Vernell thought about that for a full minute. Then she said, “All right. I’ve heard of it, but I’ve never seen it. For all I know, it doesn’t even exist.”

“It exists all right,” Rhodes told her. “Where’d you hear about it?”

“From Henrietta,” Vernell said. “She took great pleasure in telling me all about it. She said that before long, everybody in Clearview and the whole world was going to know what kind of bitch I am.”

“What did she mean by that?”

“I assume she thought the book would be published. She always did have a high opinion of her own writing. Much too high an opinion, I might add. She couldn’t write a publishable page, much less a publishable book.”

“It’s not
that
bad.”

“You’ve read it?”

“Yes.”

“Well, you’re not the only one. I heard about it from other people, too.”

“Who?”

“Lorene Winslow, for one. She was practically Henrietta’s only friend. She’d read it. She thought it was funny.”

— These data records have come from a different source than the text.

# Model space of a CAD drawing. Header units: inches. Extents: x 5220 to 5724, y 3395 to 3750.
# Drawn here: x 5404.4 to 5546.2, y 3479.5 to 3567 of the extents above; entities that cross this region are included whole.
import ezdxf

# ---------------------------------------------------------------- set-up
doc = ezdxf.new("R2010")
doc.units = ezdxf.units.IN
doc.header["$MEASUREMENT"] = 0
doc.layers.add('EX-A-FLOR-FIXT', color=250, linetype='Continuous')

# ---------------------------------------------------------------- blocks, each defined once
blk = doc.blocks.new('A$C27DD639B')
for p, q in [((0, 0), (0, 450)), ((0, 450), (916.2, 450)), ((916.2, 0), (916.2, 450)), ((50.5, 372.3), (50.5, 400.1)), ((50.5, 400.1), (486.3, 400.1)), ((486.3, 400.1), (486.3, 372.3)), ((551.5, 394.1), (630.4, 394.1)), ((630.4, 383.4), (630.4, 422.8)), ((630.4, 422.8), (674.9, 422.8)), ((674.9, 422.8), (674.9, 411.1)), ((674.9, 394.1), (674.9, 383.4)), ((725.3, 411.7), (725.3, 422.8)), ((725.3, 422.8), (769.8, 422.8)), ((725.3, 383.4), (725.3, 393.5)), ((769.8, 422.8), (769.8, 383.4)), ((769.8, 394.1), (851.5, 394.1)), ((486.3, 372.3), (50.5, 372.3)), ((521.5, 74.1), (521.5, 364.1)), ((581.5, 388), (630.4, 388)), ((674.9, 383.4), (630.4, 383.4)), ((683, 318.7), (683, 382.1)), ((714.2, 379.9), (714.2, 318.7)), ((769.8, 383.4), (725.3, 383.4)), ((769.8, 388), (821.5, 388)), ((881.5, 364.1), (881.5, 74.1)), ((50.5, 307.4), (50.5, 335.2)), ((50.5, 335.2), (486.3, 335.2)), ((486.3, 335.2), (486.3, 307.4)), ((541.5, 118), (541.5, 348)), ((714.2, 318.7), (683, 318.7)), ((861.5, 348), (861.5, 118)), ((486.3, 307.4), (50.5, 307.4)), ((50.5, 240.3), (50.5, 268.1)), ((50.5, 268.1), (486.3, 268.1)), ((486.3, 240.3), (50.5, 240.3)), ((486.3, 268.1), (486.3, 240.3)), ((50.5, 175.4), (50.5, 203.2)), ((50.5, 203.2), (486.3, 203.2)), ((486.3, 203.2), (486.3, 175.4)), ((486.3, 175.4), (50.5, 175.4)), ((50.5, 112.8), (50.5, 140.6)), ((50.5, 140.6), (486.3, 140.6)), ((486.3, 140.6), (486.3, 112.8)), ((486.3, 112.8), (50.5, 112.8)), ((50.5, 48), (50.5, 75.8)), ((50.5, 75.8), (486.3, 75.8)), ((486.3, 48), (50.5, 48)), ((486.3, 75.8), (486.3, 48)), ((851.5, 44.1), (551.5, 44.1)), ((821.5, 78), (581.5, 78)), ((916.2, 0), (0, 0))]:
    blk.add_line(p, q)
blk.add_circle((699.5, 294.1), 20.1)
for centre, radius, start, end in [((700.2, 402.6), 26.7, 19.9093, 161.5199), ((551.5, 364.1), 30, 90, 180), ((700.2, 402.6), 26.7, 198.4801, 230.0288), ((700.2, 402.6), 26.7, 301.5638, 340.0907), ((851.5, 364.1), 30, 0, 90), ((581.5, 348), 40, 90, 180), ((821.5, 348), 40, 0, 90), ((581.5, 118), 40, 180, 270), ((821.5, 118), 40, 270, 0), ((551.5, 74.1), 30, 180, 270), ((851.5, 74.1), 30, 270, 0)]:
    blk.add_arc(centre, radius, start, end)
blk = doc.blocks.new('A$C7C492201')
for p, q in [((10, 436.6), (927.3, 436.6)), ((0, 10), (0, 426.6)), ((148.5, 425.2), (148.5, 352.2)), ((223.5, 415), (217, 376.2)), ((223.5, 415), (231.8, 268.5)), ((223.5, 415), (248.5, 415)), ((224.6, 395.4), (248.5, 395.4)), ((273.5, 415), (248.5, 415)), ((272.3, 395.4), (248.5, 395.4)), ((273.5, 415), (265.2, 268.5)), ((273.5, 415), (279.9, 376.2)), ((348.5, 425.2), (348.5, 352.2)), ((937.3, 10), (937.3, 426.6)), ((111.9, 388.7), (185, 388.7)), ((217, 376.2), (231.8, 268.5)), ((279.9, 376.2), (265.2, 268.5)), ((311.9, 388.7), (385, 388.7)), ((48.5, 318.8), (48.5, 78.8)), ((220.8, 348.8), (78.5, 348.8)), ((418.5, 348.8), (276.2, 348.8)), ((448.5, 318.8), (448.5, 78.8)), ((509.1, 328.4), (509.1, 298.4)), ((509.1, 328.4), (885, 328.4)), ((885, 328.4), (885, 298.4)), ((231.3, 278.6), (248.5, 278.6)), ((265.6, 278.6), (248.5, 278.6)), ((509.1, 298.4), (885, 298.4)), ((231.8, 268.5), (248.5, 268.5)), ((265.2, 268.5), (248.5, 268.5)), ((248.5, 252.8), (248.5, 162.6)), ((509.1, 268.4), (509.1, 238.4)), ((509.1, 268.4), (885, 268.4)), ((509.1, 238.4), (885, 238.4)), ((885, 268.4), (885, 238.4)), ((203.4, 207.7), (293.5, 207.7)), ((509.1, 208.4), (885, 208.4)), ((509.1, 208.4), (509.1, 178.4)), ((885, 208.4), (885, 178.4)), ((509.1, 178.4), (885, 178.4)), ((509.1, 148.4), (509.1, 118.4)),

Rhodes hadn’t thought so, but he could see how Lorene might get that impression.

“Has Jeanne Arnot read it?”

“I don’t know. Why?”

“I just wondered. If Henrietta was planning to sell it, she’d need an agent.”

“Not Jeanne. She turned down three of Henrietta’s manuscripts. Henrietta hated her.”

Somehow that didn’t come as much of a surprise to Rhodes.

“What did Henrietta have against Terry Don?” he asked.

“You mean you don’t know?”

“If I knew, I wouldn’t ask.”

“You don’t have to get huffy. I guess I just took it for granted that the sheriff knew everything that went on in the county.”

“Not this sheriff,” Rhodes said.

“There’s no real reason why you should have known,” Vernell said. “It was all a long time ago. Henrietta and Terry Don dated in high school. And she got the idea that he was going to marry her when they graduated. It was sort of like her idea that she was going to be a writer, I guess, something that was mostly in her head.”

All that was news to Rhodes, and it slightly changed the way he’d been looking at things.

“Serena Thayer’s in the book, too,” he said.

“Oh, my God. What does it say?”

Rhodes told her.

“I hope Serena hasn’t heard that. She’d kill Henrietta.”

Rhodes started to remind Vernell that someone already had, but Vernell thought of it for herself.

“Oh, my God,” she said again. “Serena has a terrible temper. Everyone knows about it, but nobody ever talks about it.”

Rhodes remembered a few incidents from the book. One episode described Serena’s attack on a hotel maid with a high-heeled shoe. The maid’s crime had been her failure to put a chocolate mint on Serena’s pillow.

“Henrietta talked about it,” Rhodes said. “What did she have against Serena?”

“Terry Don,” Vernell said. “Everyone knows—” She stopped and looked at Rhodes. “Well, not everyone. But it was an open secret that Serena had a thing for Terry Don. Of course Terry Don is used to that sort of thing. I mean, look at him.”

Rhodes said he’d rather not, and he didn’t mention the other things that Henrietta had said about Terry Don. Probably everybody knew, anyway.